# Best Splake Advice



## steelhead281 (Feb 1, 2007)

In May I am going to fish some harbors in Lake Huron for Splake. I am 100% ignorant about fishing for them. There is surprisingly little info on the web. Any advice is appreciated.


----------



## seabass810 (Apr 2, 2010)

I could be wrong but I dont think lake huron has any splake. I know there is some inland lakes that have some and lake superior.


----------



## andyotto (Sep 11, 2003)

They used to plant them up in the Southern UP area (Hessle). Not sure that is still happening.


----------



## Far Beyond Driven (Jan 23, 2006)

Last five years it looks like the only Lake Huron plants were at Hessel:

Mackinac Lake Huron HESSEL (42N 01W 28) HESSEL Splake 04/25/16 10,512 State Plant 7.76
Mackinac Lake Huron HESSEL (42N 01W 28) HESSEL Splake 04/25/16 19,488 State Plant 7.76
Mackinac Lake Huron HESSEL (42N 01W 28) HESSEL Splake 04/25/17 9,240 State Plant 8.07
Mackinac Lake Huron HESSEL (42N 01W 28) HESSEL Splake 04/25/17 15,840 State Plant 8.07
Mackinac Lake Huron HESSEL (42N 01W 28) HESSEL Splake 05/02/17 4,920 State Plant 8.03
Mackinac Lake Huron HESSEL (42N 01W 28) HESSEL Splake 05/02/18 14,211 State Plant 8.15
Mackinac Lake Huron HESSEL (42N 01W 28) HESSEL Splake 05/04/18 15,789 State Plant 8.11


----------



## Grinnell (Nov 20, 2019)

Try smelt on the bottom or blue shiners on a slip bobber. Berkeley gulp jigs in smelt 3” work good sometimes too.


----------



## Grinnell (Nov 20, 2019)

Best bet for large splake is copper harbor in the late fall period.


----------



## DirtySteve (Apr 9, 2006)

Grinnell said:


> Best bet for large splake is copper harbor in the late fall period.

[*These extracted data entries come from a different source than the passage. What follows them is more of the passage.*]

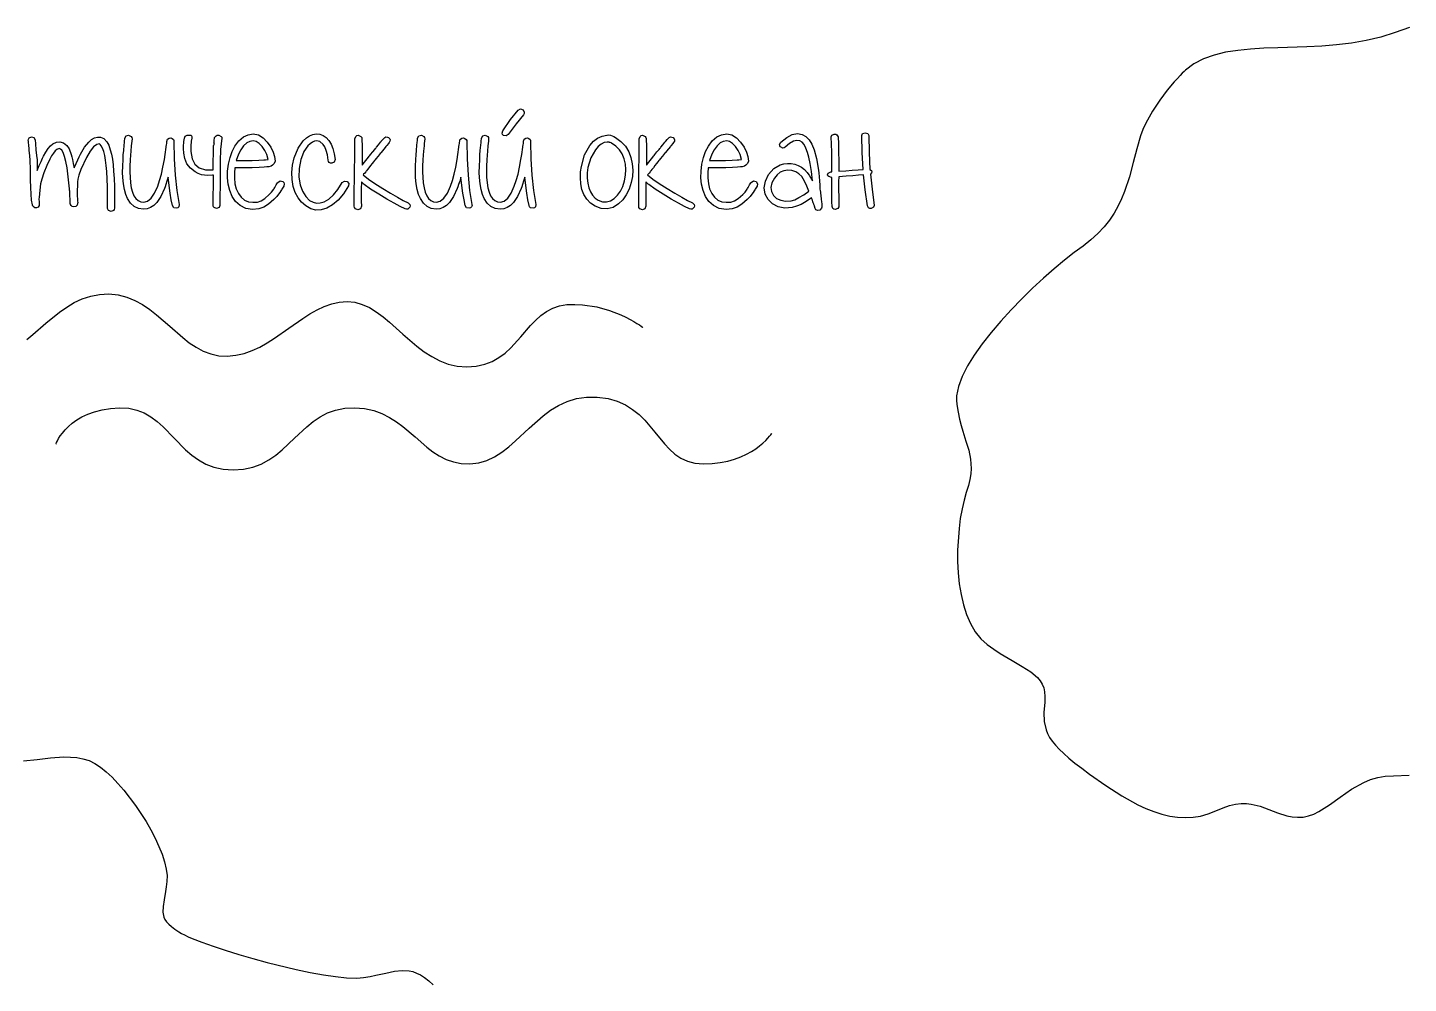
# Model space of a CAD drawing. Header units: millimetres. Extents: x 299 to 601, y 84 to 516.
# Drawn here: x 401.52 to 441.31, y 390.32 to 417.86 of the extents above; entities that cross this region are included whole.
import ezdxf

# ---------------------------------------------------------------- set-up
doc = ezdxf.new("R2010")
doc.units = ezdxf.units.MM
doc.layers.get('0').update_dxf_attribs({"linetype": 'CONTINUOUS', "true_color": 0xffffff})

msp = doc.modelspace()

# ---------------------------------------------------------------- linework, layer by layer
at = {"linetype": 'CONTINUOUS', "true_color": 0xffffff}
for points in [[(441.345, 417.865), (440.93, 417.725), (440.517, 417.592), (440.097, 417.49), (439.672, 417.417), (439.242, 417.367), (438.815, 417.335), (438.387, 417.312), (437.555, 417.287), (437.152, 417.272), (436.765, 417.247), (436.395, 417.21), (436.042, 417.155), (435.715, 417.075), (435.41, 416.967), (435.135, 416.825), (434.89, 416.642), (434.88, 416.632), (434.847, 416.6), (434.797, 416.55), (434.732, 416.482), (434.655, 416.4), (434.565, 416.3), (434.365, 416.06), (434.147, 415.775), (433.935, 415.455), (433.745, 415.11), (433.665, 414.93), (433.597, 414.75), (433.487, 414.372), (433.385, 413.975), (433.272, 413.562), (433.132, 413.142), (433.045, 412.935), (432.945, 412.727), (432.83, 412.522), (432.697, 412.32), (432.542, 412.122), (432.367, 411.932), (432.165, 411.747), (431.937, 411.57), (431.682, 411.38), (431.402, 411.16), (431.107, 410.912), (430.797, 410.642), (430.485, 410.352), (430.17, 410.047), (429.862, 409.732), (429.565, 409.407), (429.285, 409.08), (429.027, 408.752), (428.8, 408.43), (428.607, 408.115), (428.455, 407.81), (428.347, 407.52), (428.292, 407.252), (428.287, 407.125), (428.297, 407.005), (428.335, 406.782), (428.377, 406.585), (428.422, 406.402), (428.47, 406.24), (428.562, 405.947), (428.642, 405.685), (428.695, 405.43), (428.712, 405.157), (428.7, 405.007), (428.675, 404.845), (428.632, 404.667), (428.572, 404.47), (428.507, 404.247), (428.45, 403.995), (428.4, 403.722), (428.362, 403.427), (428.322, 402.805), (428.322, 402.482), (428.337, 402.157), (428.37, 401.84), (428.42, 401.527), (428.49, 401.23), (428.58, 400.95), (428.692, 400.69), (428.827, 400.457), (428.987, 400.255), (429.172, 400.09), (429.367, 399.952), (429.552, 399.83), (429.892, 399.622), (430.187, 399.45), (430.435, 399.295), (430.627, 399.132), (430.702, 399.045), (430.76, 398.947), (430.805, 398.84), (430.83, 398.72), (430.84, 398.585), (430.832, 398.43), (430.81, 398.127), (430.82, 397.865), (430.872, 397.63), (430.917, 397.52), (430.975, 397.41), (431.05, 397.297), (431.142, 397.185), (431.252, 397.067), (431.382, 396.945), (431.532, 396.815), (431.705, 396.672), (431.902, 396.52), (432.122, 396.355), (432.59, 396.022), (433.055, 395.722), (433.517, 395.467), (433.75, 395.362), (433.977, 395.27), (434.207, 395.197), (434.435, 395.142), (434.66, 395.11), (434.885, 395.097), (435.107, 395.107), (435.327, 395.142), (435.547, 395.205), (435.765, 395.295), (435.972, 395.385), (436.16, 395.447), (436.335, 395.487), (436.495, 395.505), (436.645, 395.505), (436.785, 395.49), (437.045, 395.427), (437.292, 395.335), (437.542, 395.235), (437.812, 395.152), (437.96, 395.125), (438.117, 395.11), (438.277, 395.115), (438.435, 395.147), (438.587, 395.202), (438.737, 395.277), (438.887, 395.367), (439.037, 395.467), (439.345, 395.69), (439.672, 395.915), (440.03, 396.112), (440.222, 396.192), (440.43, 396.255), (440.647, 396.292), (440.882, 396.307), (441.34, 396.317)], [(415.21, 414.89), (415.437, 415.215), (415.657, 415.487), (415.727, 415.522), (415.797, 415.5), (415.832, 415.43), (415.827, 415.39), (415.807, 415.355), (415.595, 415.092), (415.372, 414.782), (415.31, 414.742), (415.235, 414.757), (415.207, 414.785), (415.195, 414.82), (415.21, 414.89), (415.21, 414.89), (415.21, 414.89)], [(401.732, 414.627), (401.74, 414.515), (401.757, 414.347), (401.777, 414.177), (401.787, 414.052), (401.79, 414.017), (401.79, 413.955), (401.792, 413.865), (401.792, 413.745), (401.852, 413.892), (401.905, 414.01), (401.945, 414.1), (401.977, 414.162), (402.042, 414.28), (402.107, 414.377), (402.175, 414.457), (402.245, 414.515), (402.347, 414.565), (402.447, 414.577), (402.55, 414.542), (402.645, 414.467), (402.712, 414.367), (402.77, 414.21), (402.787, 414.145), (402.807, 414.06), (402.832, 413.95), (402.86, 413.82), (402.912, 413.947), (402.962, 414.055), (403.002, 414.145), (403.04, 414.215), (403.157, 414.417), (403.277, 414.567), (403.362, 414.64), (403.447, 414.685), (403.532, 414.707), (403.617, 414.705), (403.717, 414.665), (403.802, 414.572), (403.857, 414.475), (403.9, 414.345), (403.932, 414.22), (403.96, 414.075), (403.98, 413.91), (403.995, 413.727), (404.01, 413.52), (404.017, 413.287), (404.02, 413.07), (404.02, 412.907), (404.017, 412.777), (404.022, 412.665), (404.015, 412.625), (403.99, 412.592), (403.922, 412.562), (403.852, 412.59), (403.822, 412.657), (403.82, 412.767), (403.82, 412.895), (403.822, 413.057), (403.82, 413.272), (403.812, 413.502), (403.802, 413.715), (403.785, 413.89), (403.765, 414.045), (403.74, 414.18), (403.712, 414.292), (403.675, 414.39), (403.637, 414.46), (403.612, 414.495), (403.607, 414.5), (403.6, 414.507), (403.59, 414.515), (403.51, 414.495), (403.42, 414.425), (403.317, 414.302), (403.212, 414.125), (403.052, 413.772), (402.997, 413.615), (402.967, 413.5), (402.957, 413.422), (402.95, 413.312), (402.947, 413.175), (402.945, 413.01), (402.947, 412.99), (402.95, 412.95), (402.95, 412.937), (402.955, 412.91), (402.957, 412.88), (402.957, 412.867), (402.962, 412.825), (402.957, 412.795), (402.945, 412.752), (402.902, 412.707), (402.837, 412.7), (402.802, 412.712), (402.772, 412.74), (402.755, 412.765), (402.752, 412.777), (402.747, 412.79), (402.747, 412.8), (402.747, 412.81), (402.747, 412.82), (402.742, 412.867), (402.74, 412.927), (402.735, 413.005), (402.732, 413.097), (402.73, 413.15), (402.727, 413.185), (402.725, 413.217), (402.652, 413.827), (402.617, 414.007), (402.58, 414.155), (402.542, 414.267), (402.502, 414.33), (402.465, 414.362), (402.43, 414.377), (402.36, 414.352), (402.31, 414.31), (402.26, 414.25), (402.207, 414.17), (402.155, 414.072), (402.067, 413.887), (401.987, 413.682), (401.925, 413.497), (401.892, 413.367), (401.865, 413.185), (401.845, 412.97), (401.842, 412.927), (401.847, 412.837), (401.85, 412.8), (401.852, 412.782), (401.852, 412.777), (401.852, 412.77), (401.852, 412.76), (401.845, 412.735), (401.817, 412.695), (401.775, 412.675), (401.72, 412.675), (401.675, 412.71), (401.667, 412.725), (401.66, 412.74), (401.657, 412.75), (401.655, 412.76), (401.632, 412.897), (401.617, 413.062), (401.605, 413.257), (401.6, 413.48), (401.597, 413.692), (401.595, 413.857), (401.592, 413.972), (401.59, 414.042), (401.58, 414.167), (401.565, 414.335), (401.562, 414.347), (401.56, 414.377), (401.55, 414.472), (401.54, 414.567), (401.537, 414.597), (401.535, 414.61), (401.537, 414.65), (401.557, 414.685), (401.625, 414.717), (401.695, 414.695), (401.732, 414.627), (401.732, 414.627), (401.732, 414.627)], [(404.525, 414.662), (404.517, 414.59), (404.512, 414.53), (404.505, 414.455), (404.492, 414.307), (404.482, 414.185), (404.472, 414.055), (404.465, 413.877), (404.462, 413.695), (404.47, 413.552), (404.482, 413.39), (404.505, 413.247), (404.537, 413.125), (404.58, 413.022), (404.637, 412.94), (404.705, 412.88), (404.78, 412.842), (404.865, 412.83), (404.975, 412.86), (405.08, 412.95), (405.177, 413.097), (405.265, 413.297), (405.322, 413.457), (405.372, 413.64), (405.417, 413.842), (405.457, 414.065), (405.482, 414.212), (405.51, 414.417), (405.512, 414.437), (405.52, 414.485), (405.525, 414.53), (405.527, 414.55), (405.532, 414.59), (405.535, 414.605), (405.535, 414.615), (405.537, 414.625), (405.54, 414.632), (405.552, 414.65), (405.592, 414.677), (405.64, 414.685), (405.685, 414.67), (405.717, 414.64), (405.735, 414.61), (405.735, 414.597), (405.735, 414.592), (405.735, 414.585), (405.745, 414.08), (405.772, 413.612), (405.82, 413.175), (405.885, 412.772), (405.872, 412.7), (405.845, 412.672), (405.807, 412.66), (405.73, 412.675), (405.69, 412.74), (405.657, 412.902), (405.627, 413.095), (405.597, 413.312), (405.57, 413.56), (405.532, 413.44), (405.502, 413.345), (405.48, 413.277), (405.462, 413.232), (405.355, 413), (405.24, 412.825), (405.152, 412.737), (405.06, 412.677), (404.96, 412.642), (404.855, 412.632), (404.715, 412.655), (404.59, 412.712), (404.485, 412.807), (404.4, 412.94), (404.347, 413.06), (404.307, 413.2), (404.28, 413.362), (404.262, 413.542), (404.255, 413.69), (404.257, 413.877), (404.267, 414.062), (404.275, 414.2), (404.285, 414.327), (404.3, 414.48), (404.307, 414.555), (404.312, 414.612), (404.315, 414.655), (404.317, 414.68), (404.355, 414.747), (404.427, 414.77), (404.497, 414.732), (404.52, 414.7), (404.525, 414.662), (404.525, 414.662), (404.525, 414.662)], [(406.865, 413.767), (406.865, 413.892), (406.867, 413.997), (406.867, 414.087), (406.87, 414.16), (406.87, 414.167), (406.87, 414.187), (406.87, 414.245), (406.87, 414.302), (406.87, 414.322), (406.87, 414.33), (406.87, 414.35), (406.872, 414.397), (406.875, 414.445), (406.875, 414.465), (406.88, 414.472), (406.887, 414.49), (406.895, 414.505), (406.9, 414.512), (406.895, 414.522), (406.887, 414.532), (406.887, 414.54), (406.89, 414.557), (406.897, 414.617), (406.905, 414.675), (406.907, 414.692), (406.907, 414.7), (406.947, 414.75), (406.982, 414.767), (407.025, 414.767), (407.092, 414.732), (407.11, 414.707), (407.11, 414.68), (407.08, 414.352), (407.065, 414.022), (407.067, 413.865), (407.067, 413.69), (407.067, 413.607), (407.065, 413.502), (407.065, 413.375), (407.062, 413.227), (407.06, 413.075), (407.057, 412.945), (407.057, 412.83), (407.06, 412.735), (407.035, 412.68), (406.965, 412.652), (406.89, 412.677), (406.87, 412.705), (406.862, 412.73), (406.86, 412.827), (406.862, 412.942), (406.865, 413.08), (406.87, 413.237), (406.87, 413.252), (406.87, 413.295), (406.87, 413.355), (406.87, 413.425), (406.87, 413.495), (406.87, 413.555), (406.87, 413.597), (406.87, 413.612), (406.857, 413.612), (406.845, 413.612), (406.7, 413.605), (406.525, 413.627), (406.435, 413.66), (406.35, 413.707), (406.212, 413.81), (406.11, 413.942), (406.045, 414.092), (406.015, 414.247), (406.01, 414.382), (406.012, 414.472), (406.017, 414.542), (406.022, 414.585), (406.042, 414.68), (406.06, 414.735), (406.115, 414.77), (406.195, 414.77), (406.23, 414.765), (406.25, 414.732), (406.25, 414.675), (406.232, 414.59), (406.22, 414.452), (406.225, 414.292), (406.26, 414.085), (406.34, 413.932), (406.465, 413.822), (406.647, 413.762), (406.865, 413.767), (406.865, 413.767), (406.865, 413.767)], [(407.49, 413.827), (407.487, 413.81), (407.485, 413.772), (407.48, 413.732), (407.477, 413.715), (407.475, 413.532), (407.492, 413.367), (407.53, 413.217), (407.59, 413.085), (407.67, 412.975), (407.767, 412.895), (407.88, 412.847), (408.01, 412.83), (408.14, 412.837), (408.247, 412.872), (408.355, 412.942), (408.482, 413.052), (408.55, 413.127), (408.612, 413.207), (408.622, 413.225), (408.642, 413.262), (408.662, 413.297), (408.672, 413.315), (408.682, 413.33), (408.702, 413.36), (408.72, 413.39), (408.73, 413.405), (408.795, 413.447), (408.87, 413.432), (408.9, 413.405), (408.912, 413.367), (408.9, 413.295), (408.882, 413.27), (408.845, 413.212), (408.832, 413.195), (408.81, 413.157), (408.785, 413.117), (408.772, 413.1), (408.7, 412.997), (408.612, 412.907), (408.462, 412.775), (408.325, 412.687), (408.18, 412.64), (408.002, 412.627), (407.805, 412.655), (407.64, 412.735), (407.507, 412.852), (407.41, 413.002), (407.342, 413.175), (407.297, 413.352), (407.28, 413.54), (407.282, 413.732), (407.307, 413.932), (407.35, 414.12), (407.412, 414.292), (407.492, 414.452), (407.607, 414.607), (407.735, 414.715), (407.875, 414.78), (408.022, 414.8), (408.167, 414.772), (408.302, 414.687), (408.422, 414.565), (408.522, 414.422), (408.595, 414.28), (408.635, 414.15), (408.647, 414.02), (408.625, 413.95), (408.577, 413.897), (408.535, 413.875), (408.47, 413.857), (408.415, 413.85), (408.337, 413.84), (408.19, 413.832), (407.992, 413.827), (407.89, 413.825), (407.772, 413.825), (407.64, 413.825), (407.49, 413.827), (407.49, 413.827), (407.49, 413.827)], [(410.18, 414.047), (410.16, 414.195), (410.125, 414.325), (410.082, 414.427), (410.035, 414.5), (409.937, 414.58), (409.842, 414.602), (409.785, 414.592), (409.725, 414.565), (409.662, 414.52), (409.597, 414.46), (409.482, 414.292), (409.435, 414.187), (409.395, 414.065), (409.342, 413.802), (409.337, 413.557), (409.372, 413.337), (409.44, 413.147), (409.532, 412.995), (409.645, 412.885), (409.742, 412.832), (409.845, 412.807), (409.95, 412.812), (410.062, 412.847), (410.2, 412.925), (410.332, 413.042), (410.462, 413.2), (410.587, 413.397), (410.647, 413.442), (410.722, 413.435), (410.77, 413.375), (410.765, 413.302), (410.62, 413.077), (410.467, 412.897), (410.307, 412.757), (410.14, 412.662), (409.98, 412.612), (409.825, 412.607), (409.675, 412.645), (409.532, 412.725), (409.412, 412.832), (409.312, 412.962), (409.232, 413.115), (409.175, 413.29), (409.142, 413.487), (409.135, 413.69), (409.155, 413.9), (409.202, 414.115), (409.312, 414.39), (409.462, 414.605), (409.55, 414.687), (409.64, 414.747), (409.735, 414.785), (409.835, 414.8), (409.942, 414.792), (410.037, 414.76), (410.125, 414.7), (410.2, 414.612), (410.265, 414.505), (410.315, 414.377), (410.352, 414.23), (410.377, 414.065), (410.352, 413.99), (410.287, 413.957), (410.247, 413.96), (410.212, 413.977), (410.187, 414.007), (410.18, 414.047), (410.18, 414.047), (410.18, 414.047)], [(411.155, 413.9), (411.165, 413.912), (411.187, 413.942), (411.262, 414.037), (411.337, 414.13), (411.36, 414.16), (411.37, 414.172), (411.377, 414.182), (411.397, 414.207), (411.462, 414.282), (411.525, 414.355), (411.545, 414.38), (411.552, 414.39), (411.56, 414.397), (411.577, 414.422), (411.632, 414.49), (411.685, 414.56), (411.702, 414.582), (411.71, 414.59), (411.755, 414.645), (411.78, 414.67), (411.81, 414.702), (411.845, 414.715), (411.885, 414.712), (411.922, 414.695), (411.952, 414.662), (411.965, 414.627), (411.96, 414.59), (411.937, 414.555), (411.917, 414.527), (411.87, 414.47), (411.862, 414.462), (411.845, 414.44), (411.79, 414.37), (411.735, 414.302), (411.717, 414.277), (411.71, 414.27), (411.702, 414.26), (411.68, 414.235), (411.617, 414.16), (411.555, 414.082), (411.532, 414.057), (411.525, 414.047), (411.515, 414.032), (411.485, 413.997), (411.445, 413.945), (411.4, 413.887), (411.355, 413.827), (411.315, 413.775), (411.285, 413.74), (411.275, 413.725), (411.262, 413.707), (411.232, 413.672), (411.202, 413.637), (411.19, 413.62), (411.34, 413.5), (411.522, 413.372), (411.75, 413.225), (411.975, 413.09), (412.175, 412.977), (412.342, 412.887), (412.485, 412.82), (412.535, 412.765), (412.542, 412.727), (412.532, 412.69), (412.475, 412.637), (412.435, 412.63), (412.395, 412.64), (412.25, 412.712), (412.077, 412.805), (411.872, 412.922), (411.637, 413.062), (411.402, 413.21), (411.22, 413.342), (411.207, 413.355), (411.18, 413.382), (411.15, 413.407), (411.137, 413.42), (411.135, 413.212), (411.135, 413.027), (411.135, 412.862), (411.137, 412.717), (411.107, 412.647), (411.037, 412.617), (410.965, 412.647), (410.94, 412.677), (410.932, 412.717), (410.932, 412.822), (410.932, 412.947), (410.932, 413.087), (410.932, 413.247), (410.935, 413.422), (410.937, 413.617), (410.94, 413.83), (410.945, 414.06), (410.95, 414.43), (410.945, 414.657), (410.972, 414.73), (411.005, 414.755), (411.045, 414.762), (411.12, 414.732), (411.145, 414.702), (411.152, 414.667), (411.155, 414.425), (411.155, 414.402), (411.155, 414.342), (411.155, 414.26), (411.155, 414.162), (411.155, 414.065), (411.155, 413.982), (411.155, 413.922), (411.155, 413.9), (411.155, 413.9), (411.155, 413.9)], [(412.962, 414.662), (412.955, 414.59), (412.95, 414.53), (412.942, 414.455), (412.93, 414.307), (412.92, 414.185), (412.912, 414.055), (412.902, 413.877), (412.9, 413.695), (412.907, 413.552), (412.92, 413.39), (412.942, 413.247), (412.977, 413.125), (413.02, 413.022), (413.075, 412.94), (413.142, 412.88), (413.217, 412.842), (413.302, 412.83), (413.412, 412.86), (413.517, 412.95), (413.615, 413.097), (413.702, 413.297), (413.76, 413.457), (413.812, 413.64), (413.857, 413.842), (413.897, 414.065), (413.92, 414.212), (413.947, 414.417), (413.95, 414.437), (413.957, 414.485), (413.962, 414.53), (413.965, 414.55), (413.97, 414.59), (413.972, 414.605), (413.975, 414.615), (413.977, 414.625), (413.977, 414.632), (413.99, 414.65), (414.03, 414.677), (414.077, 414.685), (414.122, 414.67), (414.155, 414.64), (414.172, 414.61), (414.172, 414.597), (414.172, 414.592), (414.172, 414.585), (414.182, 414.08), (414.21, 413.612), (414.257, 413.175), (414.322, 412.772), (414.325, 412.735), (414.31, 412.7), (414.282, 412.672), (414.245, 412.66), (414.167, 412.675), (414.13, 412.74), (414.097, 412.902), (414.065, 413.095), (414.035, 413.312), (414.007, 413.56), (413.97, 413.44), (413.94, 413.345), (413.917, 413.277), (413.9, 413.232), (413.792, 413), (413.677, 412.825), (413.59, 412.737), (413.497, 412.677), (413.4, 412.642), (413.295, 412.632), (413.152, 412.655), (413.03, 412.712), (412.925, 412.807), (412.837, 412.94), (412.785, 413.06), (412.745, 413.2), (412.717, 413.362), (412.7, 413.542), (412.692, 413.69), (412.695, 413.877), (412.705, 414.062), (412.712, 414.2), (412.725, 414.327), (412.737, 414.48), (412.745, 414.555), (412.75, 414.612), (412.752, 414.655), (412.755, 414.68), (412.792, 414.747), (412.865, 414.77), (412.937, 414.732), (412.957, 414.7), (412.962, 414.662), (412.962, 414.662), (412.962, 414.662)], [(414.805, 414.662), (414.797, 414.59), (414.792, 414.53), (414.785, 414.455), (414.772, 414.307), (414.762, 414.185), (414.752, 414.055), (414.745, 413.877), (414.74, 413.695), (414.747, 413.552), (414.762, 413.39), (414.785, 413.247), (414.817, 413.125), (414.86, 413.022), (414.917, 412.94), (414.985, 412.88), (415.06, 412.842), (415.145, 412.83), (415.255, 412.86), (415.36, 412.95), (415.457, 413.097), (415.545, 413.297), (415.602, 413.457), (415.652, 413.64), (415.697, 413.842), (415.737, 414.065), (415.762, 414.212), (415.79, 414.417), (415.792, 414.437), (415.8, 414.485), (415.805, 414.53), (415.807, 414.55), (415.812, 414.59), (415.812, 414.605), (415.815, 414.615), (415.817, 414.625), (415.82, 414.632), (415.832, 414.65), (415.872, 414.677), (415.92, 414.685), (415.965, 414.67), (415.997, 414.64), (416.012, 414.61), (416.012, 414.597), (416.012, 414.592), (416.012, 414.585), (416.022, 414.08), (416.052, 413.612), (416.1, 413.175), (416.165, 412.772), (416.152, 412.7), (416.125, 412.672), (416.087, 412.66), (416.01, 412.675), (415.982, 412.7), (415.97, 412.74), (415.937, 412.902), (415.907, 413.095), (415.877, 413.312), (415.85, 413.56), (415.812, 413.44), (415.782, 413.345), (415.76, 413.277), (415.742, 413.232), (415.635, 413), (415.52, 412.825), (415.432, 412.737), (415.34, 412.677), (415.24, 412.642), (415.135, 412.632), (414.995, 412.655), (414.87, 412.712), (414.765, 412.807), (414.68, 412.94), (414.627, 413.06), (414.587, 413.2), (414.56, 413.362), (414.542, 413.542), (414.535, 413.69), (414.537, 413.877), (414.547, 414.062), (414.555, 414.2), (414.565, 414.327), (414.577, 414.48), (414.585, 414.555), (414.592, 414.612), (414.595, 414.655), (414.597, 414.68), (414.635, 414.747), (414.707, 414.77), (414.78, 414.732), (414.8, 414.7), (414.805, 414.662), (414.805, 414.662), (414.805, 414.662)], [(418.415, 414.727), (418.457, 414.7), (418.617, 414.585), (418.747, 414.445), (418.845, 414.287), (418.907, 414.12), (418.942, 413.942), (418.96, 413.757), (418.95, 413.575), (418.915, 413.405), (418.855, 413.212), (418.772, 413.042), (418.67, 412.9), (418.547, 412.782), (418.39, 412.685), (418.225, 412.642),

Keweenaw bay all winter long too. You can also get them in copper harbor in the winter but the smaller most recently planted fish seem to hang there all winter. It can be tough catching a keeper there in winter months. Keweenaw bay can be outstanding in the winter .


----------



## Grinnell (Nov 20, 2019)

DirtySteve said:


> Keweenaw bay all winter long too. You can also get them in copper harbor in the winter but the smaller most recently planted fish seem to hang there all winter. It can be tough catching a keeper there in winter months. Keweenaw bay can be outstanding in the winter .


I’ve caught several of those small fish. My favorite came from an eastern UP paddle only lake. Every time I go I see schools of them and man, they’re tricky there. Got one with a deep trolled worm and said hello to my dad in the clouds- as I fondly remembered his accounts of surprise splake at Higgins


----------



## Bob.eye.hunter (Jan 3, 2015)

On my bucket list pf species. thought about combining a Sturgeon Bay Whitfish and a UP splake trip as a winter getaway


----------



## Fishndude (Feb 22, 2003)

steelhead281 said:


> In May I am going to fish some harbors in Lake Huron for Splake. I am 100% ignorant about fishing for them. There is surprisingly little info on the web. Any advice is appreciated.


May might not be the best time to target them. November used to be good, when I fished for Splake a few times.


----------



## rlf60000 (Feb 3, 2013)

steelhead281 said:


> In May I am going to fish some harbors in Lake Huron for Splake. I am 100% ignorant about fishing for them. There is surprisingly little info on the web. Any advice is appreciated.


Hessel is the place to go, troll inner bays with thundersticks or spoons.You can start as soon as the ice goes out. slows down by june


----------